*** Begin section ***
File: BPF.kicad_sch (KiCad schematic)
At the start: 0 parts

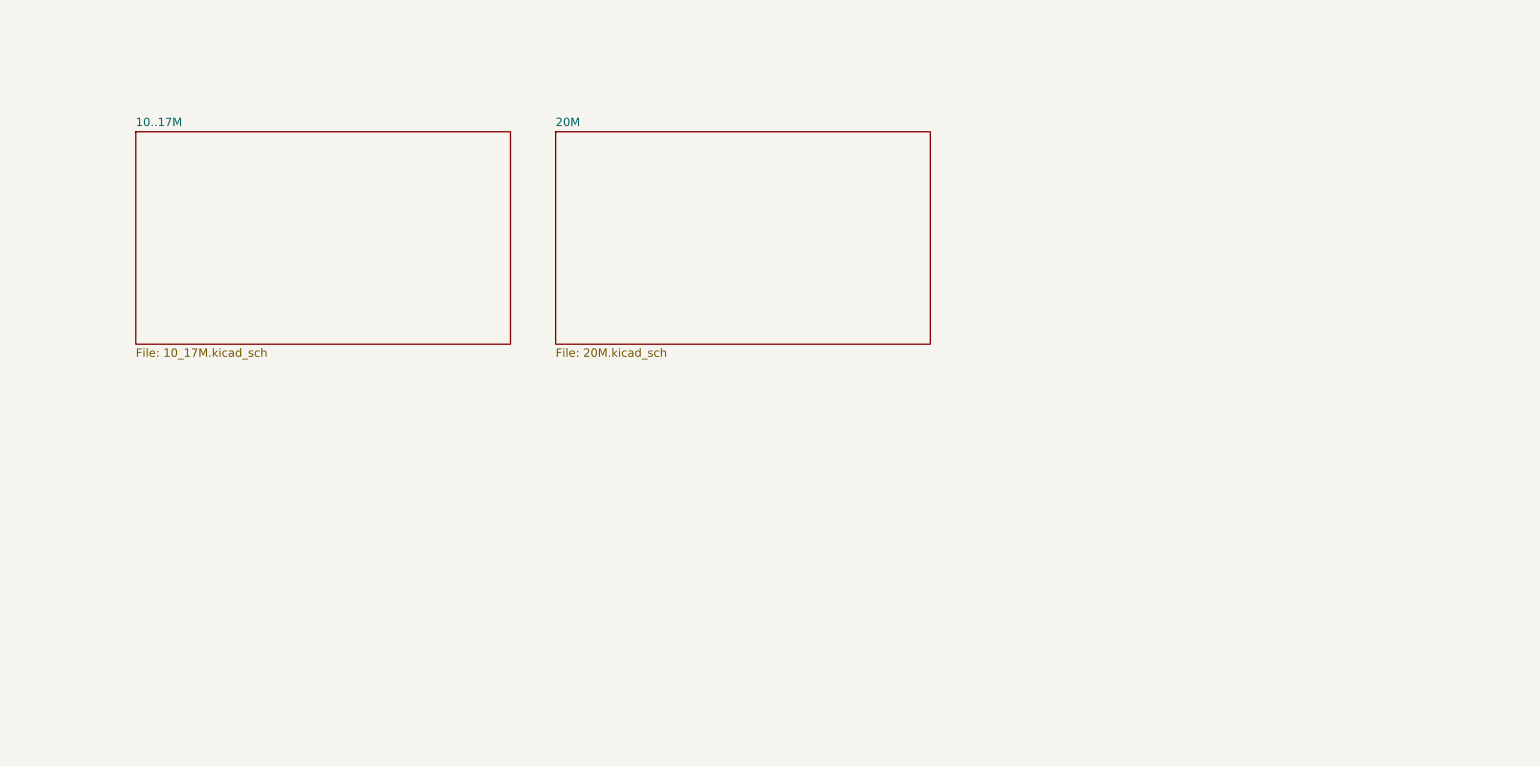
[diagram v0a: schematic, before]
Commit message: add custom footprints, progress on schema and PCB
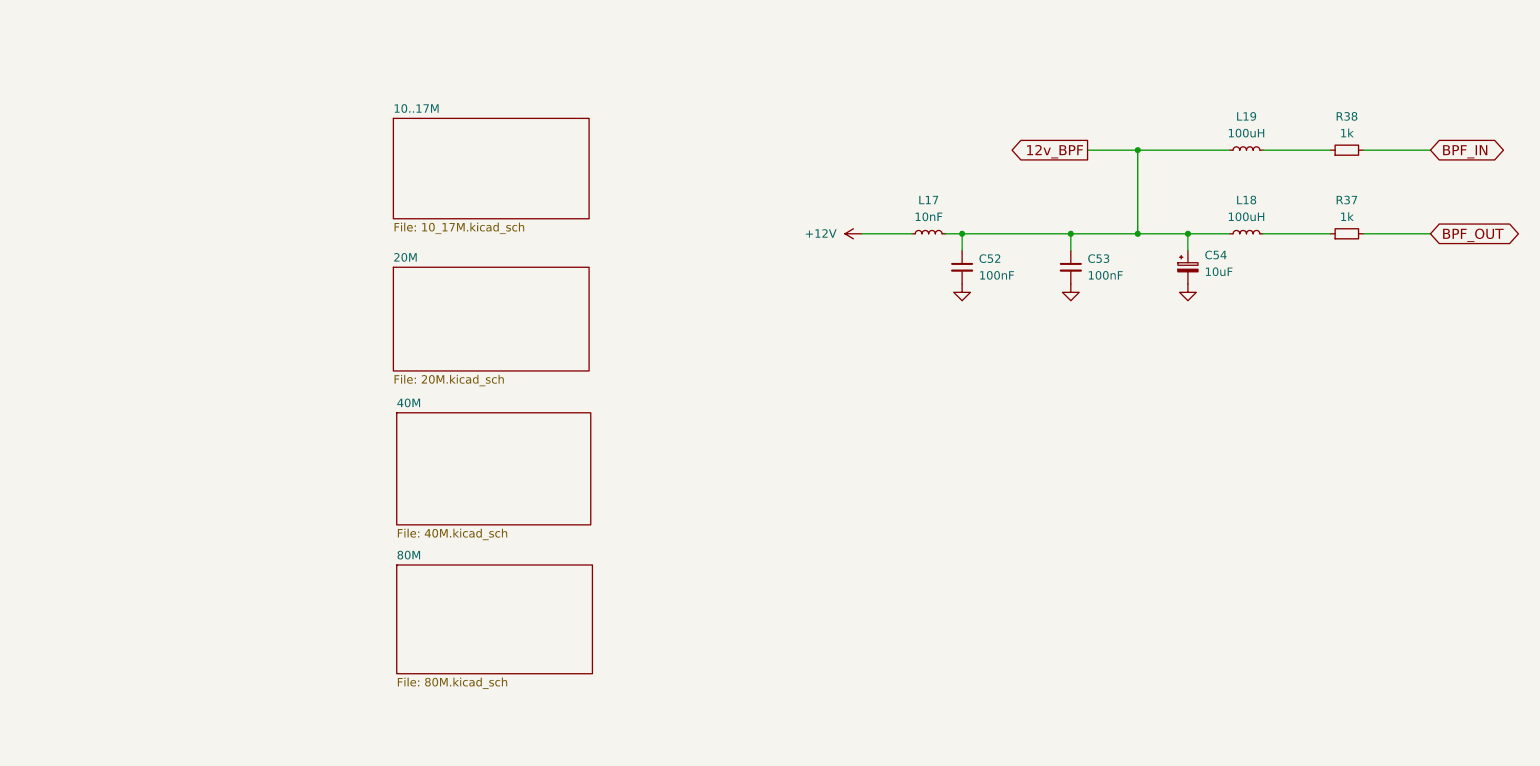
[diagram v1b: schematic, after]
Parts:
- added C52, C53: 100nF, symbol Device:C_Small
- added C54: 10uF, symbol Device:C_Polarized_Small
- added L17: 10nF, symbol Device:L_Small
- added L18, L19: 100uH, symbol Device:L_Small
- added R37, R38: 1k, symbol Device:R_Small
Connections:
- new net: L18.2, R37.1
- new net: L19.2, R38.1
- new net +12V: L17.1
- new net 12v_BPF: C52.1, C53.1, C54.1, L17.2, L18.1, L19.1
- new net BPF_IN: R38.2
- new net BPF_OUT: R37.2
- new net GND: C52.2, C53.2, C54.2
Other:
- added sheet 40M (40M.kicad_sch)
- added sheet 80M (80M.kicad_sch)

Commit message: progress in PCB, schematics some footprints are still missing
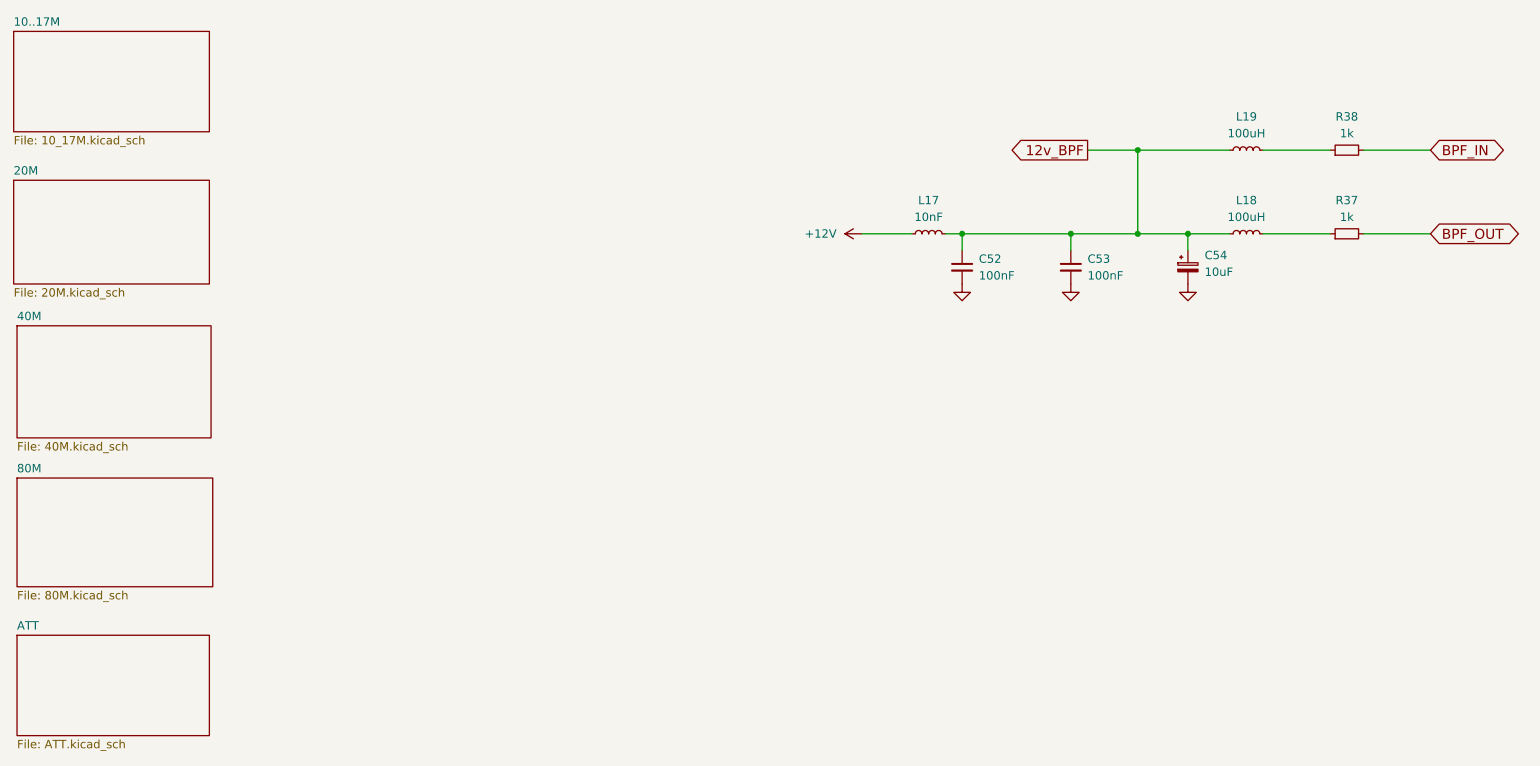
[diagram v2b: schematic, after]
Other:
- added sheet ATT (ATT.kicad_sch)
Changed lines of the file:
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@@
 	)
 	(sheet
-		(at 77.978 81.788)
+		(at 20.32 68.58)
 		(size 29.464 17.018)
 		(fields_autoplaced yes)
@@
 		)
 		(property "Sheetname" "40M"
-			(at 77.978 81.0764 0)
+			(at 20.32 67.8684 0)
 			(effects
 				(font
@@
 		)
 		(property "Sheetfile" "40M.kicad_sch"
-			(at 77.978 99.3906 0)
+			(at 20.32 86.1826 0)
 			(effects
 				(font
@@
 	)
 	(sheet
-		(at 77.47 59.69)
+		(at 20.32 115.57)
+		(size 29.21 15.24)
+		(fields_autoplaced yes)
+		(stroke
+			(width 0.1524)
+			(type solid)
+		)
+		(fill
+			(color 0 0 0 0.0000)
+		)
+		(property "Sheetname" "ATT"
+			(at 20.32 114.8584 0)
+			(effects
+				(font
+					(size 1.27 1.27)
+				)
+				(justify left bottom)
+			)
+		)
+		(property "Sheetfile" "ATT.kicad_sch"
+			(at 20.32 131.3946 0)
+			(effects
+				(font
+					(size 1.27 1.27)
+				)
+				(justify left top)
+			)
+		)
+		(instances
+			(project "pure"
+				(path "/74d736cc-15c3-4dc5-ae3c-dc08a689d728/9a1b3552-f49e-450d-a0b3-b14f38660717"
+					(page "15")
+				)
+			)
+		)
+	)
+	(sheet
+		(at 19.812 46.482)
 		(size 29.718 15.748)
 		(fields_autoplaced yes)
@@
 		)
 		(property "Sheetname" "20M"
-			(at 77.47 58.9784 0)
+			(at 19.812 45.7704 0)
 			(effects
 				(font
@@
 		)
 		(property "Sheetfile" "20M.kicad_sch"
-			(at 77.47 76.0226 0)
+			(at 19.812 62.8146 0)
 			(effects
 				(font
@@
 	)
 	(sheet
-		(at 77.978 104.902)
+		(at 20.32 91.694)
 		(size 29.718 16.51)
 		(fields_autoplaced yes)
@@
 		)
 		(property "Sheetname" "80M"
-			(at 77.978 104.1904 0)
+			(at 20.32 90.9824 0)
 			(effects
 				(font
@@
 		)
 		(property "Sheetfile" "80M.kicad_sch"
-			(at 77.978 121.9966 0)
+			(at 20.32 108.7886 0)
 			(effects
 				(font
@@
 	)
 	(sheet
-		(at 77.47 37.084)
+		(at 19.812 23.876)
 		(size 29.718 15.24)
 		(fields_autoplaced yes)
@@
 		)
 		(property "Sheetname" "10..17M"
-			(at 77.47 36.3724 0)
+			(at 19.812 23.1644 0)
 			(effects
 				(font
@@
 		)
 		(property "Sheetfile" "10_17M.kicad_sch"
-			(at 77.47 52.9086 0)
+			(at 19.812 39.7006 0)
 			(effects
 				(font

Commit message: progress on PCB
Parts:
- C52, C53: footprint (none) -> SDR_footprints:C_1206_0603
- C54: footprint (none) -> Capacitor_Tantalum_SMD:CP_EIA-3216-18_Kemet-A_Pad1.58x1.35mm_HandSolder
- L17: value 10nF -> 10uH
- L18, L19: footprint (none) -> Inductor_THT:L_Axial_L5.3mm_D2.2mm_P10.16mm_Horizontal_Vishay_IM-1
- R37, R38: footprint (none) -> Resistor_SMD:R_0603_1608Metric_Pad0.98x0.95mm_HandSolder
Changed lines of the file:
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@@
 			)
 		)
-		(property "Footprint" ""
+		(property "Footprint" "Inductor_THT:L_Axial_L5.3mm_D2.2mm_P10.16mm_Horizontal_Vishay_IM-1"
 			(at 207.01 54.61 0)
 			(effects
@@
 			)
 		)
-		(property "Footprint" ""
+		(property "Footprint" "Resistor_SMD:R_0603_1608Metric_Pad0.98x0.95mm_HandSolder"
 			(at 222.25 41.91 0)
 			(effects
@@
 			)
 		)
-		(property "Footprint" ""
+		(property "Footprint" "Capacitor_Tantalum_SMD:CP_EIA-3216-18_Kemet-A_Pad1.58x1.35mm_HandSolder"
 			(at 198.12 59.69 0)
 			(effects
@@
 			)
 		)
-		(property "Footprint" ""
+		(property "Footprint" "SDR_footprints:C_1206_0603"
 			(at 180.34 59.69 0)
 			(effects
@@
 			)
 		)
-		(property "Value" "10nF"
+		(property "Value" "10uH"
 			(at 158.75 52.07 90)
 			(effects
@@
 			)
 		)
-		(property "Footprint" ""
+		(property "Footprint" "Resistor_SMD:R_0603_1608Metric_Pad0.98x0.95mm_HandSolder"
 			(at 222.25 54.61 0)
 			(effects
@@
 			)
 		)
-		(property "Footprint" ""
+		(property "Footprint" "SDR_footprints:C_1206_0603"
 			(at 163.83 59.69 0)
 			(effects
@@
 			)
 		)
-		(property "Footprint" ""
+		(property "Footprint" "Inductor_THT:L_Axial_L5.3mm_D2.2mm_P10.16mm_Horizontal_Vishay_IM-1"
 			(at 207.01 41.91 0)
 			(effects
*** End section ***
▶ [What is required]: Each line above gets copied exactly; leave the pictures out.

▶ [Answer]:
File: BPF.kicad_sch (KiCad schematic)
At the start: 0 parts

[diagram v0a: schematic, before]
Commit message: add custom footprints, progress on schema and PCB
[diagram v1b: schematic, after]
Parts:
- added C52, C53: 100nF, symbol Device:C_Small
- added C54: 10uF, symbol Device:C_Polarized_Small
- added L17: 10nF, symbol Device:L_Small
- added L18, L19: 100uH, symbol Device:L_Small
- added R37, R38: 1k, symbol Device:R_Small
Connections:
- new net: L18.2, R37.1
- new net: L19.2, R38.1
- new net +12V: L17.1
- new net 12v_BPF: C52.1, C53.1, C54.1, L17.2, L18.1, L19.1
- new net BPF_IN: R38.2
- new net BPF_OUT: R37.2
- new net GND: C52.2, C53.2, C54.2
Other:
- added sheet 40M (40M.kicad_sch)
- added sheet 80M (80M.kicad_sch)

Commit message: progress in PCB, schematics some footprints are still missing
[diagram v2b: schematic, after]
Other:
- added sheet ATT (ATT.kicad_sch)
Changed lines of the file:
@@
 	)
 	(sheet
-		(at 77.978 81.788)
+		(at 20.32 68.58)
 		(size 29.464 17.018)
 		(fields_autoplaced yes)
@@
 		)
 		(property "Sheetname" "40M"
-			(at 77.978 81.0764 0)
+			(at 20.32 67.8684 0)
 			(effects
 				(font
@@
 		)
 		(property "Sheetfile" "40M.kicad_sch"
-			(at 77.978 99.3906 0)
+			(at 20.32 86.1826 0)
 			(effects
 				(font
@@
 	)
 	(sheet
-		(at 77.47 59.69)
+		(at 20.32 115.57)
+		(size 29.21 15.24)
+		(fields_autoplaced yes)
+		(stroke
+			(width 0.1524)
+			(type solid)
+		)
+		(fill
+			(color 0 0 0 0.0000)
+		)
+		(property "Sheetname" "ATT"
+			(at 20.32 114.8584 0)
+			(effects
+				(font
+					(size 1.27 1.27)
+				)
+				(justify left bottom)
+			)
+		)
+		(property "Sheetfile" "ATT.kicad_sch"
+			(at 20.32 131.3946 0)
+			(effects
+				(font
+					(size 1.27 1.27)
+				)
+				(justify left top)
+			)
+		)
+		(instances
+			(project "pure"
+				(path "/74d736cc-15c3-4dc5-ae3c-dc08a689d728/9a1b3552-f49e-450d-a0b3-b14f38660717"
+					(page "15")
+				)
+			)
+		)
+	)
+	(sheet
+		(at 19.812 46.482)
 		(size 29.718 15.748)
 		(fields_autoplaced yes)
@@
 		)
 		(property "Sheetname" "20M"
-			(at 77.47 58.9784 0)
+			(at 19.812 45.7704 0)
 			(effects
 				(font
@@
 		)
 		(property "Sheetfile" "20M.kicad_sch"
-			(at 77.47 76.0226 0)
+			(at 19.812 62.8146 0)
 			(effects
 				(font
@@
 	)
 	(sheet
-		(at 77.978 104.902)
+		(at 20.32 91.694)
 		(size 29.718 16.51)
 		(fields_autoplaced yes)
@@
 		)
 		(property "Sheetname" "80M"
-			(at 77.978 104.1904 0)
+			(at 20.32 90.9824 0)
 			(effects
 				(font
@@
 		)
 		(property "Sheetfile" "80M.kicad_sch"
-			(at 77.978 121.9966 0)
+			(at 20.32 108.7886 0)
 			(effects
 				(font
@@
 	)
 	(sheet
-		(at 77.47 37.084)
+		(at 19.812 23.876)
 		(size 29.718 15.24)
 		(fields_autoplaced yes)
@@
 		)
 		(property "Sheetname" "10..17M"
-			(at 77.47 36.3724 0)
+			(at 19.812 23.1644 0)
 			(effects
 				(font
@@
 		)
 		(property "Sheetfile" "10_17M.kicad_sch"
-			(at 77.47 52.9086 0)
+			(at 19.812 39.7006 0)
 			(effects
 				(font

Commit message: progress on PCB
Parts:
- C52, C53: footprint (none) -> SDR_footprints:C_1206_0603
- C54: footprint (none) -> Capacitor_Tantalum_SMD:CP_EIA-3216-18_Kemet-A_Pad1.58x1.35mm_HandSolder
- L17: value 10nF -> 10uH
- L18, L19: footprint (none) -> Inductor_THT:L_Axial_L5.3mm_D2.2mm_P10.16mm_Horizontal_Vishay_IM-1
- R37, R38: footprint (none) -> Resistor_SMD:R_0603_1608Metric_Pad0.98x0.95mm_HandSolder
Changed lines of the file:
@@
 			)
 		)
-		(property "Footprint" ""
+		(property "Footprint" "Inductor_THT:L_Axial_L5.3mm_D2.2mm_P10.16mm_Horizontal_Vishay_IM-1"
 			(at 207.01 54.61 0)
 			(effects
@@
 			)
 		)
-		(property "Footprint" ""
+		(property "Footprint" "Resistor_SMD:R_0603_1608Metric_Pad0.98x0.95mm_HandSolder"
 			(at 222.25 41.91 0)
 			(effects
@@
 			)
 		)
-		(property "Footprint" ""
+		(property "Footprint" "Capacitor_Tantalum_SMD:CP_EIA-3216-18_Kemet-A_Pad1.58x1.35mm_HandSolder"
 			(at 198.12 59.69 0)
 			(effects
@@
 			)
 		)
-		(property "Footprint" ""
+		(property "Footprint" "SDR_footprints:C_1206_0603"
 			(at 180.34 59.69 0)
 			(effects
@@
 			)
 		)
-		(property "Value" "10nF"
+		(property "Value" "10uH"
 			(at 158.75 52.07 90)
 			(effects
@@
 			)
 		)
-		(property "Footprint" ""
+		(property "Footprint" "Resistor_SMD:R_0603_1608Metric_Pad0.98x0.95mm_HandSolder"
 			(at 222.25 54.61 0)
 			(effects
@@
 			)
 		)
-		(property "Footprint" ""
+		(property "Footprint" "SDR_footprints:C_1206_0603"
 			(at 163.83 59.69 0)
 			(effects
@@
 			)
 		)
-		(property "Footprint" ""
+		(property "Footprint" "Inductor_THT:L_Axial_L5.3mm_D2.2mm_P10.16mm_Horizontal_Vishay_IM-1"
 			(at 207.01 41.91 0)
 			(effects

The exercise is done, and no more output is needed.